Sure I’ve admitted to my own shortcomings when it comes to laundry and other things, but today is not about me. It’s about him. The man that I live with that marks his territory like a damn dog. It’s pretty comical when you think about it really. We’re going on seven years of doin’ life together and after endless eye rolls, cold shoulders, stomping feet, blank stares, etc. etc. we still end up here.
Drum roll please.
Today’s blog is Five Ways You Can Tell A Man Was In Your Bathroom.
Now, I’m sure there is the exceptional jewel of a man who never exhibits any of this caveman like behavior, but ladies, let’s be real…9/10 men suffer from this.
Here’s my story.
I came home from a long day at the office and had the strong desire to take a long shower. Well, first things first, I had to pee.
That’s right, ladies. That’s a new roll of toilet paper WEDGED into the small space between the roll and the built-in holder. I mean it took effort to wedge that thing in there. I somehow was unphased by the lack of effort of my roommate’s part and preceded to appropriately place the roll of toilet paper on its holder. NBD.
I started to undress as any about-to-take-a-shower taker would. Just as I was going to place my clothing in the dirty clothes I encountered this.
Yup. Those are boxers and they’re oh so close to their temporary resting place. It’s possible (I mean, I never know!) that the man of the house was so worn out from an exhausting day at his home office that he completely lost the strength in his bicep and was unable to pull the laundry cabinet out. Completely possible. Nonetheless, I left them there and hope that they’re his favorite pair and in the middle of the night a family of roaches come to live in there and scare the bejesus out of him when he does decide to put them in the hamper.
After I (properly) placed my clothes in the hamper it was time for me to grab my towels so I was prepared post-long-much-needed shower.
I mean. I just can’t. It’s not awful, but it’s certainly not the Pottery Barn advertisement that I strive for. This reminded me of this BuzzFeed video that we shared online the other day and then made me laugh a little. #divorcedovertowelfoldings. It happens.
Now, it’s finally time for me to take a shower. Thank God.
Is this real life? Yes, thank you for giving our child a bath, but must her toys stay out in perpetuity? Put the damn things away. Now I have to sit (naked and ready to take a damn shower) and shake out the left over water out of all of the stupid toys. Thanks. Really.
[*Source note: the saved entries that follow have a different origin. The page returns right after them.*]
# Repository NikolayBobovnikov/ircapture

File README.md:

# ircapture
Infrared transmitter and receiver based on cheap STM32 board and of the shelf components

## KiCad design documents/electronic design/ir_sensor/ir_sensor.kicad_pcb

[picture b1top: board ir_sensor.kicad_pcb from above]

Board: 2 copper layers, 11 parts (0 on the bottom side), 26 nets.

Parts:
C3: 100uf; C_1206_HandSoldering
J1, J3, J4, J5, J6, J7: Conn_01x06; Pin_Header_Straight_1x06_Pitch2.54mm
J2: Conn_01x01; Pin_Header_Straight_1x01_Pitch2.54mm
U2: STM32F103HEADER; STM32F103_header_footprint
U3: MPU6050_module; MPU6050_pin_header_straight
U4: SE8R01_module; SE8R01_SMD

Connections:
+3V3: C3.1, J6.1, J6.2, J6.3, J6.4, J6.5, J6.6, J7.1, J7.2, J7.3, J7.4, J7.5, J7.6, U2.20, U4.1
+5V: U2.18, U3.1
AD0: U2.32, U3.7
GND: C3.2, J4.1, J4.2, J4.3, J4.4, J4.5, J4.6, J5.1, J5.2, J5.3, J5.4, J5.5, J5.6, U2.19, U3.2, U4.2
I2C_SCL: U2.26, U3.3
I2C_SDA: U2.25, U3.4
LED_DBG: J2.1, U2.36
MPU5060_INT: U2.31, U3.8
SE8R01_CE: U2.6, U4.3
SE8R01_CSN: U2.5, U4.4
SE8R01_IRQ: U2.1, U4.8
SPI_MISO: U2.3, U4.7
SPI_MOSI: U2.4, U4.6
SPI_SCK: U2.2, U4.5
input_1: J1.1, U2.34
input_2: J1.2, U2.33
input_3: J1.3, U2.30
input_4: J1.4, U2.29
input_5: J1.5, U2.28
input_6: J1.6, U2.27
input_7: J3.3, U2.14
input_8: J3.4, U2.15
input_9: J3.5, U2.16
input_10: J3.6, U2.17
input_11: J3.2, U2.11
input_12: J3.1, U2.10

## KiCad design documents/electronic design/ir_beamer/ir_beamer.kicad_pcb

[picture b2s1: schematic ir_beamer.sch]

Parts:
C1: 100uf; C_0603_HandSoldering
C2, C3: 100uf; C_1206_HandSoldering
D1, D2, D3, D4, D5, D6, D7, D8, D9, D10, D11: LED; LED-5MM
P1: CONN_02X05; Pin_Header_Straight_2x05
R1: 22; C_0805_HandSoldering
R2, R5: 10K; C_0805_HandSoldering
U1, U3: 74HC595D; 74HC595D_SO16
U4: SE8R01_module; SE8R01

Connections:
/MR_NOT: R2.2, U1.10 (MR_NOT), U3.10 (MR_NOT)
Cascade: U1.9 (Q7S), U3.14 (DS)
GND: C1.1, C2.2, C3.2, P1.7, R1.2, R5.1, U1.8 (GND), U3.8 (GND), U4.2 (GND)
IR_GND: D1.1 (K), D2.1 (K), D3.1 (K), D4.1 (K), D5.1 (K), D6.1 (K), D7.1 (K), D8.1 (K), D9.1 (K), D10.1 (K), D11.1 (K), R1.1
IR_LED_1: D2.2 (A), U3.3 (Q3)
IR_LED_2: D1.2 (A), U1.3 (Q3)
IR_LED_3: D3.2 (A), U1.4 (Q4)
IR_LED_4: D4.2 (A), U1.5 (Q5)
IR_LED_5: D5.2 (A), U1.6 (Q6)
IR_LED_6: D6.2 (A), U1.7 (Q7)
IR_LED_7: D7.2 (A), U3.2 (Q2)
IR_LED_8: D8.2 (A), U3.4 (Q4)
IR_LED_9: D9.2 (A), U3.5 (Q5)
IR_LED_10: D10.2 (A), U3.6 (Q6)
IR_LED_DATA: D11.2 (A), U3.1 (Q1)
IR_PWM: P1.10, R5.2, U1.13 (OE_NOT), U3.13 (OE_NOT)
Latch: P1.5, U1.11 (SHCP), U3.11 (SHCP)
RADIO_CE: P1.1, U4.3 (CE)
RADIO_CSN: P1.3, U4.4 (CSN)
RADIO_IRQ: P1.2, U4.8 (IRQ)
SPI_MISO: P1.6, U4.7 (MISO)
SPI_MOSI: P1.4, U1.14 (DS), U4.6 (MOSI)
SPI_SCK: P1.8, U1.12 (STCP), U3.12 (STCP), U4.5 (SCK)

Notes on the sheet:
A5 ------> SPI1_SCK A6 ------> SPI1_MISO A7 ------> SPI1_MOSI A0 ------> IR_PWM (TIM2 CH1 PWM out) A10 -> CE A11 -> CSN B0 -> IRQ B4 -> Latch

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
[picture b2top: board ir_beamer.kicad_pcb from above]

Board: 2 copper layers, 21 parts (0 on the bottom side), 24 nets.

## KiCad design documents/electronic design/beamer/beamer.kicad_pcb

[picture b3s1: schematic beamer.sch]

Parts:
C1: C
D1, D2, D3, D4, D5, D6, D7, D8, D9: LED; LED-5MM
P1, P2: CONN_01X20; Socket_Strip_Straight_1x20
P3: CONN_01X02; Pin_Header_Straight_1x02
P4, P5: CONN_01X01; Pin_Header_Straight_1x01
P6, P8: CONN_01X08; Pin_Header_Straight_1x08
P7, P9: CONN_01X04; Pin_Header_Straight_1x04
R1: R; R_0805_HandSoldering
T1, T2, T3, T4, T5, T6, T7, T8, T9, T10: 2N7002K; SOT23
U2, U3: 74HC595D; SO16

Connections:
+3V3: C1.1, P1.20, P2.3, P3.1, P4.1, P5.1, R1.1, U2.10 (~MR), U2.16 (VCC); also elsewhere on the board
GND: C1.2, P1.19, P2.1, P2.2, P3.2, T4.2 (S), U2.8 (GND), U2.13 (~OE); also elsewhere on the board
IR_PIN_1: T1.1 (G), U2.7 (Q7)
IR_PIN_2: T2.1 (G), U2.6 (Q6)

What feels like seventy five hours later I finally took a shower. Relaxed. Deep conditioned my hair. And now I’m ready to brush my teeth and head to bed (Oh! Speaking of brushing teeth..this app for kids is a miracle worker, really!) and OF COURSE!
OF COURSE you left the cap off the toothpaste and didn’t squeeze from the bottom. OF COURSE there is a little bit of toothpaste sticking out and that’s gross. At this point, he’s lucky he’s asleep near my child or there’d be some foot stompin’ a la Thumper.
For all those wondering, he’s still alive. Everything has been returned to its appropriate resting place and I’ve added a praise chart in the kitchen to reward his good behavior. We’ll see how it goes.